Prolog's search capability can be employed to solve the puzzle. A solution contains three tuples, each consisting of a value for the boy and for the girl property:
solve(Boy1,Girl1, Boy2,Girl2, Boy3,Girl3) :-
The values for one property can be bound right away to avoid searching for all permutations of a solution:
Boy1 = red, Boy2 = green, Boy3 = blue,
As mentioned above, comma represents a logical AND in Prolog. Technically, = is a match, not an assignment; however, the only way to satisfy the first match is to bind Boy1 to the value red , no other values can be tried.
As for the girls, it is not known how the possible values are distributed among the girls in the tuples, but it is clearly required, that the variables take on the values which were stated as facts for the property girl :
girl(Girl1), girl(Girl2), girl(Girl3),
Furthermore, the three values must be mutually different:
Girl1 \= Girl2, Girl1 \= Girl3, Girl2 \= Girl3,
Now the stage is set for checking the constraints. One of the tuples must satisfy the constraint called a above:
( a(Boy1, Girl1); a(Boy2, Girl2); a(Boy3, Girl3) ),
Semicolon denotes a logical OR; if one of the three pairs of variables contains the appropriate values, the predicate a above will be true and therefore the OR combination will be true.
Comma denotes AND and, as usual, takes precedence over OR. This is why the constraint check is enclosed in parentheses.
It is tempting to check the constraint b in the same fashion:
( b(Boy1, Girl1); b(Boy2, Girl2); b(Boy3, Girl3) ), /* don't use */
However, this clause is already true if only one of the pairs contains different values. As written, the constraint enters three crosses into the matrix at once; however, we definitely must check one at a time. Here are different constraints for one exclusion at a time:
c(red, X) :- X \= red; d(green, X) :- X \= green; e(blue, X) :- X \= blue;
Each one of these can be checked as before:
( c(Boy1, Girl1); c(Boy2, Girl2); c(Boy3, Girl3) ),
c will fail unless the first argument is red . This is only the case for one of the three tuples and therefore for one of the three calls in the clause — there would be room for optimization because the initial code of solve ensures that Boy1 is red .

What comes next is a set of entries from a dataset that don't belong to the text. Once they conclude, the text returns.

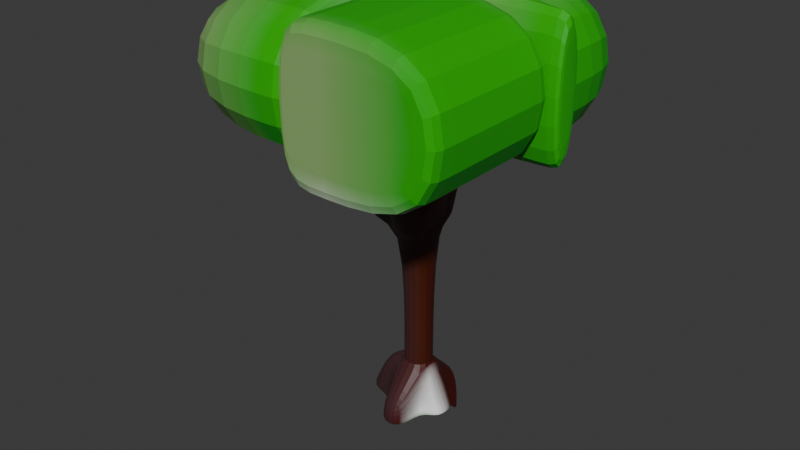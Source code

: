 # Source: tree5.blend  (saved by Blender 4.5.87; exported with 4.5.12 LTS)
import bpy
from mathutils import Matrix  # noqa: F401  (used for matrix-valued properties, if any)

bpy.ops.wm.read_factory_settings(use_empty=True)
scene = bpy.context.scene
scene.name = 'Scene'

# ---- collections
col_collection = bpy.data.collections.new('Collection'); scene.collection.children.link(col_collection)

# ---- materials (node trees are filled in below, after node groups)
mat_material_001 = bpy.data.materials.new('Material.001')

# ---- material node trees
mat_material_001.use_nodes = True; mat_material_001.node_tree.nodes.clear()
_N = mat_material_001.node_tree.nodes; _L = mat_material_001.node_tree.links
n0 = _N.new('ShaderNodeBsdfPrincipled'); n0.name = 'Principled BSDF'; n0.location = (-200, 100)
n1 = _N.new('ShaderNodeOutputMaterial'); n1.name = 'Material Output'; n1.location = (200, 100)
n2 = _N.new('ShaderNodeVertexColor'); n2.name = 'Color Attribute'; n2.location = (-498, 66)
_L.new(n0.outputs[0], n1.inputs[0])
_L.new(n2.outputs[0], n0.inputs[0])
n1.is_active_output = True

# ---- world
world_world = bpy.data.worlds.new('World'); scene.world = world_world
world_world.use_nodes = True; world_world.node_tree.nodes.clear()
_N = world_world.node_tree.nodes; _L = world_world.node_tree.links
n0 = _N.new('ShaderNodeOutputWorld'); n0.name = 'World Output'; n0.location = (300, 300)
n1 = _N.new('ShaderNodeBackground'); n1.name = 'Background'; n1.location = (10, 300)
n1.inputs[0].default_value = (0.05088, 0.05088, 0.05088, 1.0)
_L.new(n1.outputs[0], n0.inputs[0])
n0.is_active_output = True
world_world.color = (0.05088, 0.05088, 0.05088)
world_world.sun_shadow_jitter_overblur = 0.0

# ---- meshes
me_cube_001 = bpy.data.meshes.new('Cube.001')
me_cube_001.from_pydata([(-1.0, -1.0, -1.0), (-1.0, -1.0, 1.0), (-1.0, 1.036, -1.0), (-1.0, 1.0, 1.0), (1.0, -1.0, -1.0), (1.0, -1.0, 1.0), (1.0, 1.036, -1.0), (1.0, 1.0, 1.0), (-1.0, -1.0, -0.6398), (-1.0, 0.9642, -0.6399), (1.0, 0.9642, -0.6399), (1.0, -1.0, -0.6398), (1.056, 1.0, -0.6554), (2.461, 1.0, -0.9845), (2.461, -1.0, -0.9845), (1.056, -1.0, -0.6554), (-1.0, 2.992, -0.8468), (-1.0, 3.063, -1.207), (1.0, 3.063, -1.207), (1.0, 2.992, -0.8468), (-3.681, 1.036, -0.983), (-3.681, -1.0, -0.983), (-2.213, 0.9642, -0.6569), (-2.213, -1.0, -0.6568), (1.0, -3.165, -0.8988), (1.0, -3.165, -1.018), (-1.0, -3.165, -1.018), (-1.0, -3.165, -0.8988), (-1.0, -1.0, 0.3618), (-1.0, 0.9861, 0.3618), (1.0, 0.9861, 0.3618), (1.0, -1.0, 0.3618), (-1.0, 5.251, 0.9668), (1.0, 5.251, 0.9668), (-1.0, 2.552, 0.3936), (1.0, 2.552, 0.3936), (2.516, 1.0, 0.989), (2.516, -1.0, 0.989), (0.9172, 0.9861, 0.3728), (0.9173, -1.0, 0.3728), (-0.8997, -1.81, 0.3864), (-1.062, -3.948, 0.9844), (0.8997, -4.328, 0.9754), (1.062, -2.191, 0.3774), (-3.811, -1.0, 0.3618), (-3.811, -1.0, 1.0), (-3.811, 1.0, 1.0), (-3.811, 0.9861, 0.3618), (-1.0, -1.0, 1.992), (-1.0, 1.0, 1.992), (1.0, 1.0, 1.992), (1.0, -1.0, 1.992), (1.0, -10.6, 1.0), (-1.0, -10.6, 1.0), (1.0, -10.6, 1.992), (-1.0, -10.6, 1.992), (-11.13, -1.0, 1.0), (-11.13, 1.0, 1.0), (-11.13, -1.0, 1.992), (-11.13, 1.0, 1.992), (-1.0, -10.66, 1.0), (-1.0, -10.66, 1.992), (-11.13, -10.66, 1.0), (-11.13, -10.66, 1.992), (9.694, -1.0, 1.992), (9.694, -1.0, 1.0), (9.694, -10.6, 1.992), (9.694, -10.6, 1.0), (9.651, 1.0, 1.0), (9.651, -1.0, 1.0), (9.651, 1.0, 1.992), (9.651, -1.0, 1.992), (9.818, 1.0, 1.0), (9.818, -1.0, 1.0), (9.818, 1.0, 1.992), (9.818, -1.0, 1.992), (1.0, 8.384, 1.0), (1.0, 8.384, 1.992), (9.651, 8.384, 1.0), (9.651, 8.384, 1.992), (-1.0, 8.369, 1.0), (1.0, 8.369, 1.0), (-1.0, 8.369, 1.992), (1.0, 8.369, 1.992), (-1.0, 8.038, 1.987), (-1.0, 6.702, 1.005), (-11.13, 8.038, 1.987), (-11.13, 6.702, 1.005), (-1.0, 0.9642, -0.6399), (1.0, 0.9642, -0.6399), (1.0, -1.0, -0.6398), (-1.0, -1.0, -0.6398), (-1.0, -1.0, 1.0), (-1.0, 1.0, 1.0), (1.0, 1.0, 1.0), (1.0, -1.0, 1.0), (-1.0, 5.251, 0.9668), (1.0, 5.251, 0.9668), (2.516, 1.0, 0.989), (2.516, -1.0, 0.989), (-1.062, -3.948, 0.9844), (0.8997, -4.328, 0.9754), (-3.811, -1.0, 1.0), (-3.811, 1.0, 1.0), (-1.0, 0.9861, 0.3618), (1.0, 0.9861, 0.3618), (1.0, -1.0, 0.3618), (-1.0, 2.552, 0.3936), (1.0, 2.552, 0.3936), (0.9172, 0.9861, 0.3728), (0.9173, -1.0, 0.3728), (1.062, -2.191, 0.3774), (-3.811, 0.9861, 0.3618), (-1.0, -1.0, 0.3618), (-0.8997, -1.81, 0.3864), (-3.811, -1.0, 0.3618), (1.0, 3.063, -1.207), (1.0, 2.992, -0.8468), (-1.0, 3.063, -1.207), (-1.0, 2.992, -0.8468), (-1.0, 1.036, -1.0), (1.0, 1.036, -1.0), (1.0, -1.0, -1.0), (-1.0, -1.0, -1.0), (2.461, 1.0, -0.9845), (2.461, -1.0, -0.9845), (-1.0, 3.063, -1.207), (1.0, 3.063, -1.207), (-3.681, 1.036, -0.983), (-3.681, -1.0, -0.983), (1.0, -3.165, -1.018), (-1.0, -3.165, -1.018), (-1.0, 3.063, -1.207), (1.0, 3.063, -1.207), (-1.0, -1.0, -0.6398), (-1.0, 0.9642, -0.6399), (1.0, 0.9642, -0.6399), (1.0, -1.0, -0.6398), (-1.0, -1.0, 1.0), (-1.0, -1.0, 1.992), (1.0, -1.0, 1.0), (1.0, -1.0, 1.992), (9.694, -1.0, 1.0), (9.694, -1.0, 1.992), (-1.0, -1.0, 1.992), (-1.0, -1.0, 1.0), (-1.0, 1.0, 1.992), (-1.0, 1.0, 1.0), (-1.0, -10.66, 1.992), (-1.0, -10.66, 1.0), (-1.0, 8.038, 1.987), (-1.0, 6.702, 1.005), (1.0, 1.0, 1.0), (1.0, -1.0, 1.0), (1.0, 1.0, 1.992), (1.0, -1.0, 1.992), (1.0, 8.384, 1.0), (1.0, 8.384, 1.992), (1.0, 1.0, 1.992), (1.0, 1.0, 1.0), (9.651, 1.0, 1.992), (9.651, 1.0, 1.0), (1.0, 1.0, 1.0), (1.0, 1.0, 1.992), (-1.0, -10.6, 1.0), (1.0, -10.6, 1.0), (1.0, -10.6, 1.992), (9.694, -10.6, 1.0), (9.694, -10.6, 1.992), (-1.0, -10.6, 1.992), (1.0, 8.369, 1.0), (1.0, 8.369, 1.992), (-1.0, 8.369, 1.992), (-1.0, 8.369, 1.0), (1.0, 1.0, 1.992), (-1.0, 1.0, 1.0), (1.0, 1.0, 1.0), (-1.0, 1.0, 1.992)], [], [(92, 1, 45, 102), (30, 29, 34, 35), (94, 7, 36, 98), (113, 28, 40, 114), (2, 6, 4, 0), (153, 152, 68, 69), (122, 11, 24, 130), (121, 10, 12, 124), (133, 116, 18, 127), (2, 0, 21, 20), (124, 12, 15, 125), (10, 11, 15, 12), (122, 4, 14, 125), (4, 6, 13, 14), (126, 16, 19, 127), (116, 118, 17, 18), (119, 117, 19, 16), (132, 119, 16, 126), (129, 23, 22, 128), (120, 2, 20, 128), (123, 8, 23, 129), (8, 9, 22, 23), (130, 24, 27, 131), (11, 8, 27, 24), (123, 0, 26, 131), (0, 4, 25, 26), (137, 31, 28, 134), (136, 30, 31, 137), (135, 29, 30, 136), (134, 28, 29, 135), (96, 32, 33, 97), (105, 30, 35, 108), (93, 3, 32, 96), (3, 7, 33, 32), (98, 36, 37, 99), (7, 5, 37, 36), (31, 30, 38, 39), (106, 31, 39, 110), (101, 42, 41, 100), (28, 31, 43, 40), (5, 1, 41, 42), (95, 5, 42, 101), (102, 45, 46, 103), (29, 28, 44, 47), (1, 3, 46, 45), (104, 29, 47, 112), (50, 49, 48, 51), (145, 1, 60, 149), (169, 164, 53, 55), (171, 170, 81, 83), (53, 52, 54, 55), (164, 165, 52, 53), (54, 52, 67, 66), (166, 169, 55, 54), (57, 56, 58, 59), (144, 146, 59, 58), (147, 145, 56, 57), (57, 59, 86, 87), (149, 148, 63, 62), (1, 48, 61, 60), (144, 58, 63, 148), (58, 56, 62, 63), (167, 168, 66, 67), (166, 54, 66, 168), (5, 51, 64, 65), (140, 5, 65, 142), (71, 69, 73, 75), (159, 158, 77, 76), (154, 155, 71, 70), (155, 153, 69, 71), (73, 72, 74, 75), (70, 71, 75, 74), (68, 70, 74, 72), (69, 68, 72, 73), (156, 157, 79, 78), (163, 160, 79, 157), (162, 159, 76, 156), (160, 161, 78, 79), (81, 80, 82, 83), (173, 172, 82, 80), (170, 173, 80, 81), (172, 171, 83, 82), (150, 151, 87, 86), (146, 49, 84, 150), (49, 3, 85, 84), (147, 57, 87, 151), (8, 91, 88, 9), (9, 88, 89, 10), (10, 89, 90, 11), (11, 90, 91, 8), (3, 93, 103, 46), (115, 102, 103, 112), (106, 95, 101, 111), (111, 101, 100, 114), (5, 95, 99, 37), (109, 98, 99, 110), (104, 93, 96, 107), (7, 94, 97, 33), (107, 96, 97, 108), (1, 92, 100, 41), (105, 94, 98, 109), (113, 92, 102, 115), (28, 113, 115, 44), (30, 105, 109, 38), (34, 107, 108, 35), (29, 104, 107, 34), (38, 109, 110, 39), (43, 111, 114, 40), (31, 106, 111, 43), (44, 115, 112, 47), (93, 104, 112, 103), (95, 106, 110, 99), (94, 105, 108, 97), (92, 113, 114, 100), (120, 9, 119, 132), (9, 10, 117, 119), (6, 2, 118, 116), (121, 6, 116, 133), (10, 121, 133, 117), (2, 120, 132, 118), (8, 123, 131, 27), (25, 130, 131, 26), (0, 123, 129, 21), (9, 120, 128, 22), (21, 129, 128, 20), (118, 132, 126, 17), (17, 126, 127, 18), (11, 122, 125, 15), (13, 124, 125, 14), (117, 133, 127, 19), (6, 121, 124, 13), (4, 122, 130, 25), (91, 134, 135, 88), (88, 135, 136, 89), (89, 136, 137, 90), (90, 137, 134, 91), (165, 140, 142, 167), (51, 141, 143, 64), (65, 64, 143, 142), (51, 48, 139, 141), (1, 5, 140, 138), (48, 1, 138, 139), (3, 147, 151, 85), (59, 146, 150, 86), (84, 85, 151, 150), (48, 144, 148, 61), (60, 61, 148, 149), (3, 1, 145, 147), (48, 49, 146, 144), (56, 145, 149, 62), (161, 162, 156, 78), (158, 163, 157, 77), (76, 77, 157, 156), (51, 5, 153, 155), (50, 51, 155, 154), (5, 7, 152, 153), (50, 154, 163, 158), (68, 152, 162, 161), (70, 68, 161, 160), (152, 7, 159, 162), (154, 70, 160, 163), (7, 50, 158, 159), (52, 165, 167, 67), (141, 166, 168, 143), (142, 143, 168, 167), (141, 139, 169, 166), (138, 140, 165, 164), (139, 138, 164, 169), (177, 174, 171, 172), (176, 175, 173, 170), (175, 177, 172, 173), (174, 176, 170, 171), (50, 7, 176, 174), (3, 49, 177, 175), (7, 3, 175, 176), (49, 50, 174, 177)])
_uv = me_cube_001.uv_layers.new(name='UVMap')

The clause as a whole guarantees that the boy in red does not dance with the girl in red . It takes two more clauses to establish the other two exclusions:
( d(Boy1, Girl1); d(Boy2, Girl2); d(Boy3, Girl3) ), ( e(Boy1, Girl1); e(Boy2, Girl2); e(Boy3, Girl3) ).
No more constraints, the solve predicate is complete. If it is part of the knowledge base Prolog can solve the puzzle:
?- solve(Boy1,Girl1, Boy2,Girl2, Boy3,Girl3). Boy1 = Girl3 = red, Girl1 = Boy2 = green, Girl2 = Boy3 = blue ? ; no ?-
A semicolon is input so that Prolog has to search for further solutions. There are none.